Marine Pollution: From and Through the Atmosphere

 

Marine Pollution Home Ocean Acidification Carbon Capture and Storage Air Pollution from Vessels (Annex VI)

 

Pollution reaches, and can adversely affect, the ocean from a variety of sources and by a variety of pathways.  One such pathway is the atmosphere or the air that makes contact with the surface of the ocean. Article 212 of UNCLOS directs States to “adopt laws and regulations to prevent, reduce and control pollution of the marine environment from or through the atmosphere, applicable to the air space under their sovereignty and to vessels flying their flag or vessels or aircraft of their registry.” UNCLOS Article 212(1).  One serious consequence of atmospheric pollution of the ocean is “Ocean Acidification” which occurs when airborne carbon dioxide (CO2) is absorbed by seawater, causing chemical reactions that reduce seawater pH and may affect many marine organisms. The pace of ocean acidification has been accelerating, causing the scientific community to focus more of its study power on its potential impacts and how those impacts may cascade through the marine food chain and affect the overall structure of marine ecosystems.

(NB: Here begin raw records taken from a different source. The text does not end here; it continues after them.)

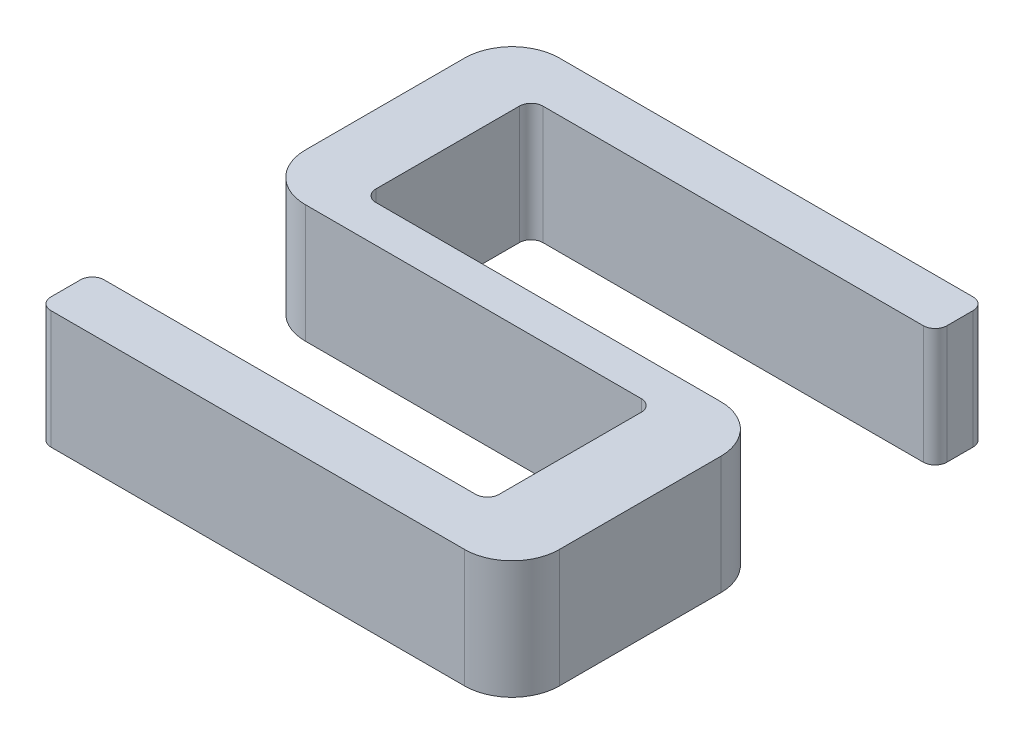
SolidWorks part; units mm, degrees
ref_plane "Front Plane" through (0, 0, 0) normal (0, 0, 1) x (1, 0, 0)
ref_plane "Top Plane" through (0, 0, 0) normal (0, 1, 0) x (1, 0, 0)
ref_plane "Right Plane" through (0, 0, 0) normal (1, 0, 0) x (0, 0, -1)
sketch "Sketch1" plane through (0, 0, 0) normal (0, 1, 0) x (1, 0, 0)
  line L1 (0, 0) -> (40, 0)
  line L2 (0, 0) -> (0, 4.5041)
  line L3 (0, 40) -> (40, 40)
  line L4 (40, 0) -> (40, 21.6577)
  line L5 (33.4153, 18.5185) -> (33.4153, 4.5041)
  line L6 (40, 40) -> (0, 40)
  line L7 (40, 40) -> (40, 35.7842)
  line L8 (40, 35.7842) -> (5.835, 35.7842)
  line L9 (0, 40) -> (0, 35.7842)
  line L18 (0, 40) -> (5.835, 40)
  line L19 (0, 40) -> (0, 21.6577)
  line L21 (5.835, 35.7842) -> (5.835, 21.6577)
  line L22 (5.835, 21.6577) -> (40, 21.6577)
  line L23 (0, 21.6577) -> (0, 18.5185)
  line L24 (0, 18.5185) -> (33.4153, 18.5185)
  line L25 (40, 21.6577) -> (40, 18.5185)
  line L26 (40, 21.6577) -> (33.4153, 21.6577)
  line L27 (40, 21.6577) -> (40, 0)
  line L28 (40, 0) -> (33.4153, 0)
  line L30 (40, 0) -> (0, 0)
  line L31 (40, 0) -> (40, 4.5041)
  line L32 (33.4153, 4.5041) -> (0, 4.5041)
  line L33 (0, 0) -> (0, 4.5041)
  line L35 (40, 35.7842) -> (40, 40)
  line L36 (0, 18.5185) -> (0, 40)
  point P5 (0, 0)
  dimension "D1" = 40
  dimension "D2" = 40
extrude "Boss-Extrude1" add sketch "Sketch1" along normal blind 10 contours L5 L32 L2 L1 L4 L27 L22 L21 L8 L7 L6 L3 L9 L19 L23 L24
fillet "Fillet1" radius 4 4 edges at (40, 5, 0) (40, 5, -21.6577) (0, 5, -18.5185) (0, 5, -40)
fillet "Fillet2" radius 1 8 edges at (0, 5, 0) (0, 5, -4.5041) (33.4153, 5, -4.5041) (33.4153, 5, -18.5185) (5.835, 5, -35.7842) (5.835, 5, -21.6577) (40, 5, -35.7842) (40, 5, -40)

One strategy for reducing the presence of CO2 in the atmosphere is referred to as Carbon Capture and Storage which generally involves the capture of CO2 directly at industrial or power plant sources, followed by its removal to secure subsurface reservoirs for permanent storage. At the international level, measures have been enacted under the London Convention/London Protocol and the regional Convention for the Protection of the Marine Environment of the North-East Atlantic (the OSPAR Convention) to regulate the injection of carbon dioxide into sub-seabed geologic formations for the purpose of climate change mitigation.

Vessels can be a significant source of marine pollution, certainly from dumping of pollutants directly into the marine environment, but also from emissions of their exhaust gases into the atmosphere.  MARPOL Annex VI limits the main air pollutants contained in ships’ exhaust, including sulfur oxides and nitrous oxides.  It also prohibits deliberate emissions of ozone depleting substances, controls emissions of volatile organic compounds from tankers, and regulates shipboard incineration. The Maritime Pollution Prevention Act of 2008  is the implementing authority in the United States.